Burrows-Wheeler变换如何工作？

1. Overview

The Burrows-Wheeler Transform (BWT) is an algorithm that rearranges the characters of a string to group similar characters. The transformed string is more suitable for compression. The transformation is reversible, i.e., the original string can be reconstructed back.

The well-known bzip2 utility uses the BWT for file compression.

In this tutorial, we’ll discuss how the BWT works. We’ll first describe the transform and the inverse transform. Then, we’ll see how it works using an example.

2. How Does the Transform Work?

In this section, we’ll see the transformation and its inverse.

2.1. Transform

To transform the input string, we first need to add a character. The additional character shouldn’t exist within the string; it can be added anywhere in the string. We prefer to add it to the end of the string to denote the end.

Then, we shift the string circularly to obtain all possible circular shifts. If the string has N characters including the added character, then the number of all circular shifts is also N.

Finally, we sort all the circular shifts of the input string in alphabetical order and create a table. The last column of the table is the BWT of the input string. We’ll refer to this sorted table as the BWT Table.

Here’s the pseudocode of the transformation:

algorithm BWT(str): 
    // INPUT 
    //    str = input string 
    // OUTPUT 
    //    bwt = the BWT of str
    str_with_eof <- append eof character to str
    create a table whose rows are all possible circular shifts of str_with_eof
    sort rows of the table alphabetically
    bwt <- last column of the alphabetically sorted table
    return bwt

We get the BWT table’s last column as the BWT of the input string since the same characters tend to group in this column. For example, when we transform a long text in English containing many instances of the “the” article, the sorted circular shifts beginning with “he“ will group together. Consequently, the circular shifts ending with the “t” character will also group together. It’s easier to compress strings with repeating characters grouped together.

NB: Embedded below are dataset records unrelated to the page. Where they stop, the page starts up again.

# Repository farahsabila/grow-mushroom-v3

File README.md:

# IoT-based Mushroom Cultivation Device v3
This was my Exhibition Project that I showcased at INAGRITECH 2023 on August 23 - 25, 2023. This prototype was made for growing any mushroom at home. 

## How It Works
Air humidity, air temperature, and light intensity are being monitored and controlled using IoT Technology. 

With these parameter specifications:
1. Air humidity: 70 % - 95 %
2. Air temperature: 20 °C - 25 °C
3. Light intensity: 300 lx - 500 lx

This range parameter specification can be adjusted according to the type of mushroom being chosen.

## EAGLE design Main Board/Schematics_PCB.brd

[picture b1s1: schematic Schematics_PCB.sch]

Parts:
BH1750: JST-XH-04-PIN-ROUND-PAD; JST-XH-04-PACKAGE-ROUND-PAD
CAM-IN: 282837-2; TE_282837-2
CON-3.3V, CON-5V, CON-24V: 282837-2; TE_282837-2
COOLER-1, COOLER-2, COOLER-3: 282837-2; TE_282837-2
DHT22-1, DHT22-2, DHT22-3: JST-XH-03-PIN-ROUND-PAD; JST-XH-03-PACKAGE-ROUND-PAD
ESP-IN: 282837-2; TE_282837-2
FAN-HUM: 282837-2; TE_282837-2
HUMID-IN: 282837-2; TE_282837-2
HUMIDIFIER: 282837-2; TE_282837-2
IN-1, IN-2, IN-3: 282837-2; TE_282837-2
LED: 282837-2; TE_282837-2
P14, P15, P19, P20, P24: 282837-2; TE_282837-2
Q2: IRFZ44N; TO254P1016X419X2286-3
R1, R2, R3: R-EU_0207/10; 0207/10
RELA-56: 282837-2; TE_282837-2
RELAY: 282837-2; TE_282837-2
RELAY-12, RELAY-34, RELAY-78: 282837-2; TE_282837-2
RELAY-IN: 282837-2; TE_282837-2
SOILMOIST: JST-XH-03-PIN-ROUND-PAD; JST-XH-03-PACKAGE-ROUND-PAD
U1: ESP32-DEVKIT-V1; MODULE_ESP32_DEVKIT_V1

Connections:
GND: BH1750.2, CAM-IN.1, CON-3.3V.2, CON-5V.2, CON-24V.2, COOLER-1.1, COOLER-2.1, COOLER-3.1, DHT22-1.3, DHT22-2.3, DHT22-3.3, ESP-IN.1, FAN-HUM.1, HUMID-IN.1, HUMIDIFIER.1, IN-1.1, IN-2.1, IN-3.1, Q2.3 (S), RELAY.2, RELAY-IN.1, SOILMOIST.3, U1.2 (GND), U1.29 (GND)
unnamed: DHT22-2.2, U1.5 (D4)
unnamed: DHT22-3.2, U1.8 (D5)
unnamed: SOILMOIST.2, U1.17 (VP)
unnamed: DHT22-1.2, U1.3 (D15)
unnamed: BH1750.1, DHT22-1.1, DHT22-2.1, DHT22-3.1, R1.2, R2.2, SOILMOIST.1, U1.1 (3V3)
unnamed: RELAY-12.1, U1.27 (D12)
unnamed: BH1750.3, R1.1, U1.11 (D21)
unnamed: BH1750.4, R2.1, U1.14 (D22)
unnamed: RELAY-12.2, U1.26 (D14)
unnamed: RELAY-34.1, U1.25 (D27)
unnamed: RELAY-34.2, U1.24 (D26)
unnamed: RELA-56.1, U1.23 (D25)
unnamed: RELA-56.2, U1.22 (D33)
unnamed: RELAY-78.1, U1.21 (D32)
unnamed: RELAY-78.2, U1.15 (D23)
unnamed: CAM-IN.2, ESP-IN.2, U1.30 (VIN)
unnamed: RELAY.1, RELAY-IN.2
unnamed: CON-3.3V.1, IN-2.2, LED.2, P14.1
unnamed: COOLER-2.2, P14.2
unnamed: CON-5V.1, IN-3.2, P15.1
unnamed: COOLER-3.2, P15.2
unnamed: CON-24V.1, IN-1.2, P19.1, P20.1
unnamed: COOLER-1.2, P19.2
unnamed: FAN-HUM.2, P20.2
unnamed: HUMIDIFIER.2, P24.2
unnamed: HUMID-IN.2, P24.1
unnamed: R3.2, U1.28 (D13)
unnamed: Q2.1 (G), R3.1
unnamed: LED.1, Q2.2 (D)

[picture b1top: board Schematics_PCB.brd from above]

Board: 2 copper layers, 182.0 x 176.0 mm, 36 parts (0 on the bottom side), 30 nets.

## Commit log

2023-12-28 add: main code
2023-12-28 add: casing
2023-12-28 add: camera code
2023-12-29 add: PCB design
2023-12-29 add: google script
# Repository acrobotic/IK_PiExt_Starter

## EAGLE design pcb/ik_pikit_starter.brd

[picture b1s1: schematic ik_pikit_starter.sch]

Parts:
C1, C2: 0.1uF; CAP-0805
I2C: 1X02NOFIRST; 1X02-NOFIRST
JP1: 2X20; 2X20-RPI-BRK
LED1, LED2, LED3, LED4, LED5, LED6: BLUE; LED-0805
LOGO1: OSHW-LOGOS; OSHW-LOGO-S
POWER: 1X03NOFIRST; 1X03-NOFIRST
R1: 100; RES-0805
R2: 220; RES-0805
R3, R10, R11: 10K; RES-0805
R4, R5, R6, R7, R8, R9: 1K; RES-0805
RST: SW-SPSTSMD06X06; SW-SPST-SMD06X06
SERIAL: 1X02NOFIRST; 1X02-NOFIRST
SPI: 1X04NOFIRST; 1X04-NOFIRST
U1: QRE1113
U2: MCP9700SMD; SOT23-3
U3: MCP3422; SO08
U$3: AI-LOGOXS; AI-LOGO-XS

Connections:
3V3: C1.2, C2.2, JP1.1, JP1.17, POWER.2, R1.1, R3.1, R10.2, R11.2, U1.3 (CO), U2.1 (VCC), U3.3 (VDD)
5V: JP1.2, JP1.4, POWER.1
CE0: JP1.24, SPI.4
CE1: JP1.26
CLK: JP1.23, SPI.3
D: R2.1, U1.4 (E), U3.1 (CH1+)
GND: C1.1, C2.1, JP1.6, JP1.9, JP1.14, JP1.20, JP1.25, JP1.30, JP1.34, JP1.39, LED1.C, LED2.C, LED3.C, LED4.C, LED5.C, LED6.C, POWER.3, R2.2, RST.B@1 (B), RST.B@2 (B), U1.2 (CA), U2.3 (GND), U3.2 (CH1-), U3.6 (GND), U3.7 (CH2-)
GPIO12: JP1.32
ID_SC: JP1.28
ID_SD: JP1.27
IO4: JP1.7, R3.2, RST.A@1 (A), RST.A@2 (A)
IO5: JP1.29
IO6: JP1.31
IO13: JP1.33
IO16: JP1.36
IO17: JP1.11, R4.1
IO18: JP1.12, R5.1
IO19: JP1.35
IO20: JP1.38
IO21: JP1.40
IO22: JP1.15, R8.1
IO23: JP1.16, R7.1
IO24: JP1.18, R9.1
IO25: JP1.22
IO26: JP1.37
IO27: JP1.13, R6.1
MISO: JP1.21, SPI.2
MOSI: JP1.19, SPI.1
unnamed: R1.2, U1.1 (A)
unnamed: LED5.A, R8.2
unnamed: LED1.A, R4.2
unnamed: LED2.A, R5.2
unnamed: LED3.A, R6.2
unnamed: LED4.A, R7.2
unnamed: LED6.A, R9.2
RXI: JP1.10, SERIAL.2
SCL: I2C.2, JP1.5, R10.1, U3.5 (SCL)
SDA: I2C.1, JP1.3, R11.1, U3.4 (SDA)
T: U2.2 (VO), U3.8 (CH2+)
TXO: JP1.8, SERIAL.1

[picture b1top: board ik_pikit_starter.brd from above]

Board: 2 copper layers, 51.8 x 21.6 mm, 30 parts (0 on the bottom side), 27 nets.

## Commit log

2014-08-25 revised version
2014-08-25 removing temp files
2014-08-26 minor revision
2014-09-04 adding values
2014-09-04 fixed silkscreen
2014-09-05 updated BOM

The transformed string using the BWT may not be the maximum compressible cyclic shift. However, we can reconstruct the original string transformed by the BWT, but this isn’t possible using the other cyclic shifts.

2.2. Inverse Transform

We can reconstruct the original input string from the transformed string using a sequence of additions and sorting. We can reconstruct the first column of the BWT Table, which consists of the alphabetically sorted circular shifts of the input string, simply by sorting the last column. The last column is the BWT of the input string. Therefore, we obtain the first and last columns of the BWT Table.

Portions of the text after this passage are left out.